**EXERCISE BRIEF**
Set down all of the entries exactly, leaving nothing out.

**DATA FOR REVIEW**
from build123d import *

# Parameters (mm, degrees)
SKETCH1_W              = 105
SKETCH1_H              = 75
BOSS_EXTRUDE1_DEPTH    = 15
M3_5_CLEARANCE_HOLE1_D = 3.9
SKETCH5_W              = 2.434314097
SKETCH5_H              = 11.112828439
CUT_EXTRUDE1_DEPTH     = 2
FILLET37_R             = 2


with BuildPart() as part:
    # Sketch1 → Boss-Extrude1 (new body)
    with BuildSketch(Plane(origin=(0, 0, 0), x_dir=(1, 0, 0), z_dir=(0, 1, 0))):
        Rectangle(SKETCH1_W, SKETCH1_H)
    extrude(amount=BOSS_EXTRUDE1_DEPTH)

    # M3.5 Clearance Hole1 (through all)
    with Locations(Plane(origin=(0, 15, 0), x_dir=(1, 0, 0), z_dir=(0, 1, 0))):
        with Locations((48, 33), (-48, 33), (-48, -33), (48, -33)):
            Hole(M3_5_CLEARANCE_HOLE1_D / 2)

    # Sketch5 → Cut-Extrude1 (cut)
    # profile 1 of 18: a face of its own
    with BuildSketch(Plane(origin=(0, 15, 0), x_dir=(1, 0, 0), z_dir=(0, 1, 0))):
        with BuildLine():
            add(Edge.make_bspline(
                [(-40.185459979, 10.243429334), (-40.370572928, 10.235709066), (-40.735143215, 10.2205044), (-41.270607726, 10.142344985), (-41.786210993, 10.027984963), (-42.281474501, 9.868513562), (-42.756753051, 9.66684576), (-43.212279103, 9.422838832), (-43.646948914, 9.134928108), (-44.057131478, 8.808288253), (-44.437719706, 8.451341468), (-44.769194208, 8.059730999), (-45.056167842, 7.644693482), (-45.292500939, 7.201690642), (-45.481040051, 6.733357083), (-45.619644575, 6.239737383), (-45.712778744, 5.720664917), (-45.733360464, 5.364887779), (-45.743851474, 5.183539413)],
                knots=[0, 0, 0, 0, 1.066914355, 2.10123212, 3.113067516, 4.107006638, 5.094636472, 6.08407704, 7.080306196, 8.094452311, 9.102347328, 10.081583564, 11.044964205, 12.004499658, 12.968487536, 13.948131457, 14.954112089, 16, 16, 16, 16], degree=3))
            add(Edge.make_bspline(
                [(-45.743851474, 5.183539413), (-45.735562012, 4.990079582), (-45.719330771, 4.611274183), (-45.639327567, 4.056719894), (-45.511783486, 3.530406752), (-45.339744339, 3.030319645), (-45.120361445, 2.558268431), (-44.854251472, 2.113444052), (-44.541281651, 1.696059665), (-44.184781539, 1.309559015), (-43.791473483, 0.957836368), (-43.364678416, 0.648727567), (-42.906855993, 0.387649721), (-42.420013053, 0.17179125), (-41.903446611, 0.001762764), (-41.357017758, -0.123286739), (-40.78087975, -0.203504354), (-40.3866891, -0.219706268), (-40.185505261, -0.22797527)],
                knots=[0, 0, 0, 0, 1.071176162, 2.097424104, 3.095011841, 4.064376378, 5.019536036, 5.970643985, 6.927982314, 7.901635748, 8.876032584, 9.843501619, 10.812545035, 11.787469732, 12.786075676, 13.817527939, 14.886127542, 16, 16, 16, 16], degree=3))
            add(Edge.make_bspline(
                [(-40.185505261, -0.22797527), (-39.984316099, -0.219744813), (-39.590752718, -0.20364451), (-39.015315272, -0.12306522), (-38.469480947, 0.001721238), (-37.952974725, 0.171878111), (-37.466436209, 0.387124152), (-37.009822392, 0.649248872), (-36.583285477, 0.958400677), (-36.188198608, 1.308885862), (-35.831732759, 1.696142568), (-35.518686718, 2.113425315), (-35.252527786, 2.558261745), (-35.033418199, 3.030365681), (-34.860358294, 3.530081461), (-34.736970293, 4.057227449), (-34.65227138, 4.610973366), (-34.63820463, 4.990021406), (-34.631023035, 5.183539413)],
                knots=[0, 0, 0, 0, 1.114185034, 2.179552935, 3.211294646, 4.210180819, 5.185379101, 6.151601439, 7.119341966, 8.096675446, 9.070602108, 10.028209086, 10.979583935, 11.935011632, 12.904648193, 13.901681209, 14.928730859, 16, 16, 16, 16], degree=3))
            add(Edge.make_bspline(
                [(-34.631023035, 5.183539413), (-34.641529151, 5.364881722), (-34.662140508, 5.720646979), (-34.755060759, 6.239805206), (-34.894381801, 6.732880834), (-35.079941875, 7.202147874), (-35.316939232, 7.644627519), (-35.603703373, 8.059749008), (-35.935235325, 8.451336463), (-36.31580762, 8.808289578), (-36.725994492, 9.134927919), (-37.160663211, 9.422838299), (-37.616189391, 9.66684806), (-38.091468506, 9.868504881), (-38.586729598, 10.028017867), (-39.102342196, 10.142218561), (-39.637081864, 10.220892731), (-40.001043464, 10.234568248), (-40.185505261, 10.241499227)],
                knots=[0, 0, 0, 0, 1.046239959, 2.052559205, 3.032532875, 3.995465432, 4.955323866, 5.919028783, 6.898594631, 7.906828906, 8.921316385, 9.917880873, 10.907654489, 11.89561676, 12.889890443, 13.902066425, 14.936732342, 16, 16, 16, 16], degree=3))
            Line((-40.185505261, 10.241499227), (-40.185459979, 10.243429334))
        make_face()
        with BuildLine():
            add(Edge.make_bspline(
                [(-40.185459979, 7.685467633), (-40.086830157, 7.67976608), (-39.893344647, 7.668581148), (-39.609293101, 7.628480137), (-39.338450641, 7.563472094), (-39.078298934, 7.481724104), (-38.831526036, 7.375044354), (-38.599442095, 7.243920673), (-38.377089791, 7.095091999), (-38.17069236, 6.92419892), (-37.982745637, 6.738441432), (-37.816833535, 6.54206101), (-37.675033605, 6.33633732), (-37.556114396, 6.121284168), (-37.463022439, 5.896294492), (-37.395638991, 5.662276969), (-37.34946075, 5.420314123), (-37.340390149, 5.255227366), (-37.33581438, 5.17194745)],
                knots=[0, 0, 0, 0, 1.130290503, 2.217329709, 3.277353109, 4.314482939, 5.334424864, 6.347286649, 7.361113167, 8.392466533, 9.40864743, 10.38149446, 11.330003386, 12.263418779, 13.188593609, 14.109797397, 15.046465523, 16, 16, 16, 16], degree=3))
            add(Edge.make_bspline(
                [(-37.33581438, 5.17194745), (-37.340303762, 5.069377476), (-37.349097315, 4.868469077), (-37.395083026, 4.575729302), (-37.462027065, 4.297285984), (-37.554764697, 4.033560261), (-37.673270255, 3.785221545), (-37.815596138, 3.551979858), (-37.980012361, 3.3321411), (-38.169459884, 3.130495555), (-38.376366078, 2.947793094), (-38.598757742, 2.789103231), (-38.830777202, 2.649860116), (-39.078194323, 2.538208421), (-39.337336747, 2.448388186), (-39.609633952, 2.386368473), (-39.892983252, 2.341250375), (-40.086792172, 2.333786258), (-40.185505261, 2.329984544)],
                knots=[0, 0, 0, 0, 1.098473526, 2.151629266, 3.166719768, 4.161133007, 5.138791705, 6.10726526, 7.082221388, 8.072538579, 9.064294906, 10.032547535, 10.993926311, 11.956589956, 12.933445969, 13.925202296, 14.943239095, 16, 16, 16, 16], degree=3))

**ANSWER SECTION**
from build123d import *

# Parameters (mm, degrees)
SKETCH1_W              = 105
SKETCH1_H              = 75
BOSS_EXTRUDE1_DEPTH    = 15
M3_5_CLEARANCE_HOLE1_D = 3.9
SKETCH5_W              = 2.434314097
SKETCH5_H              = 11.112828439
CUT_EXTRUDE1_DEPTH     = 2
FILLET37_R             = 2


with BuildPart() as part:
    # Sketch1 → Boss-Extrude1 (new body)
    with BuildSketch(Plane(origin=(0, 0, 0), x_dir=(1, 0, 0), z_dir=(0, 1, 0))):
        Rectangle(SKETCH1_W, SKETCH1_H)
    extrude(amount=BOSS_EXTRUDE1_DEPTH)

    # M3.5 Clearance Hole1 (through all)
    with Locations(Plane(origin=(0, 15, 0), x_dir=(1, 0, 0), z_dir=(0, 1, 0))):
        with Locations((48, 33), (-48, 33), (-48, -33), (48, -33)):
            Hole(M3_5_CLEARANCE_HOLE1_D / 2)

    # Sketch5 → Cut-Extrude1 (cut)
    # profile 1 of 18: a face of its own
    with BuildSketch(Plane(origin=(0, 15, 0), x_dir=(1, 0, 0), z_dir=(0, 1, 0))):
        with BuildLine():
            add(Edge.make_bspline(
                [(-40.185459979, 10.243429334), (-40.370572928, 10.235709066), (-40.735143215, 10.2205044), (-41.270607726, 10.142344985), (-41.786210993, 10.027984963), (-42.281474501, 9.868513562), (-42.756753051, 9.66684576), (-43.212279103, 9.422838832), (-43.646948914, 9.134928108), (-44.057131478, 8.808288253), (-44.437719706, 8.451341468), (-44.769194208, 8.059730999), (-45.056167842, 7.644693482), (-45.292500939, 7.201690642), (-45.481040051, 6.733357083), (-45.619644575, 6.239737383), (-45.712778744, 5.720664917), (-45.733360464, 5.364887779), (-45.743851474, 5.183539413)],
                knots=[0, 0, 0, 0, 1.066914355, 2.10123212, 3.113067516, 4.107006638, 5.094636472, 6.08407704, 7.080306196, 8.094452311, 9.102347328, 10.081583564, 11.044964205, 12.004499658, 12.968487536, 13.948131457, 14.954112089, 16, 16, 16, 16], degree=3))
            add(Edge.make_bspline(
                [(-45.743851474, 5.183539413), (-45.735562012, 4.990079582), (-45.719330771, 4.611274183), (-45.639327567, 4.056719894), (-45.511783486, 3.530406752), (-45.339744339, 3.030319645), (-45.120361445, 2.558268431), (-44.854251472, 2.113444052), (-44.541281651, 1.696059665), (-44.184781539, 1.309559015), (-43.791473483, 0.957836368), (-43.364678416, 0.648727567), (-42.906855993, 0.387649721), (-42.420013053, 0.17179125), (-41.903446611, 0.001762764), (-41.357017758, -0.123286739), (-40.78087975, -0.203504354), (-40.3866891, -0.219706268), (-40.185505261, -0.22797527)],
                knots=[0, 0, 0, 0, 1.071176162, 2.097424104, 3.095011841, 4.064376378, 5.019536036, 5.970643985, 6.927982314, 7.901635748, 8.876032584, 9.843501619, 10.812545035, 11.787469732, 12.786075676, 13.817527939, 14.886127542, 16, 16, 16, 16], degree=3))
            add(Edge.make_bspline(
                [(-40.185505261, -0.22797527), (-39.984316099, -0.219744813), (-39.590752718, -0.20364451), (-39.015315272, -0.12306522), (-38.469480947, 0.001721238), (-37.952974725, 0.171878111), (-37.466436209, 0.387124152), (-37.009822392, 0.649248872), (-36.583285477, 0.958400677), (-36.188198608, 1.308885862), (-35.831732759, 1.696142568), (-35.518686718, 2.113425315), (-35.252527786, 2.558261745), (-35.033418199, 3.030365681), (-34.860358294, 3.530081461), (-34.736970293, 4.057227449), (-34.65227138, 4.610973366), (-34.63820463, 4.990021406), (-34.631023035, 5.183539413)],
                knots=[0, 0, 0, 0, 1.114185034, 2.179552935, 3.211294646, 4.210180819, 5.185379101, 6.151601439, 7.119341966, 8.096675446, 9.070602108, 10.028209086, 10.979583935, 11.935011632, 12.904648193, 13.901681209, 14.928730859, 16, 16, 16, 16], degree=3))
            add(Edge.make_bspline(
                [(-34.631023035, 5.183539413), (-34.641529151, 5.364881722), (-34.662140508, 5.720646979), (-34.755060759, 6.239805206), (-34.894381801, 6.732880834), (-35.079941875, 7.202147874), (-35.316939232, 7.644627519), (-35.603703373, 8.059749008), (-35.935235325, 8.451336463), (-36.31580762, 8.808289578), (-36.725994492, 9.134927919), (-37.160663211, 9.422838299), (-37.616189391, 9.66684806), (-38.091468506, 9.868504881), (-38.586729598, 10.028017867), (-39.102342196, 10.142218561), (-39.637081864, 10.220892731), (-40.001043464, 10.234568248), (-40.185505261, 10.241499227)],
                knots=[0, 0, 0, 0, 1.046239959, 2.052559205, 3.032532875, 3.995465432, 4.955323866, 5.919028783, 6.898594631, 7.906828906, 8.921316385, 9.917880873, 10.907654489, 11.89561676, 12.889890443, 13.902066425, 14.936732342, 16, 16, 16, 16], degree=3))
            Line((-40.185505261, 10.241499227), (-40.185459979, 10.243429334))
        make_face()
        with BuildLine():
            add(Edge.make_bspline(
                [(-40.185459979, 7.685467633), (-40.086830157, 7.67976608), (-39.893344647, 7.668581148), (-39.609293101, 7.628480137), (-39.338450641, 7.563472094), (-39.078298934, 7.481724104), (-38.831526036, 7.375044354), (-38.599442095, 7.243920673), (-38.377089791, 7.095091999), (-38.17069236, 6.92419892), (-37.982745637, 6.738441432), (-37.816833535, 6.54206101), (-37.675033605, 6.33633732), (-37.556114396, 6.121284168), (-37.463022439, 5.896294492), (-37.395638991, 5.662276969), (-37.34946075, 5.420314123), (-37.340390149, 5.255227366), (-37.33581438, 5.17194745)],
                knots=[0, 0, 0, 0, 1.130290503, 2.217329709, 3.277353109, 4.314482939, 5.334424864, 6.347286649, 7.361113167, 8.392466533, 9.40864743, 10.38149446, 11.330003386, 12.263418779, 13.188593609, 14.109797397, 15.046465523, 16, 16, 16, 16], degree=3))
            add(Edge.make_bspline(
                [(-37.33581438, 5.17194745), (-37.340303762, 5.069377476), (-37.349097315, 4.868469077), (-37.395083026, 4.575729302), (-37.462027065, 4.297285984), (-37.554764697, 4.033560261), (-37.673270255, 3.785221545), (-37.815596138, 3.551979858), (-37.980012361, 3.3321411), (-38.169459884, 3.130495555), (-38.376366078, 2.947793094), (-38.598757742, 2.789103231), (-38.830777202, 2.649860116), (-39.078194323, 2.538208421), (-39.337336747, 2.448388186), (-39.609633952, 2.386368473), (-39.892983252, 2.341250375), (-40.086792172, 2.333786258), (-40.185505261, 2.329984544)],
                knots=[0, 0, 0, 0, 1.098473526, 2.151629266, 3.166719768, 4.161133007, 5.138791705, 6.10726526, 7.082221388, 8.072538579, 9.064294906, 10.032547535, 10.993926311, 11.956589956, 12.933445969, 13.925202296, 14.943239095, 16, 16, 16, 16], degree=3))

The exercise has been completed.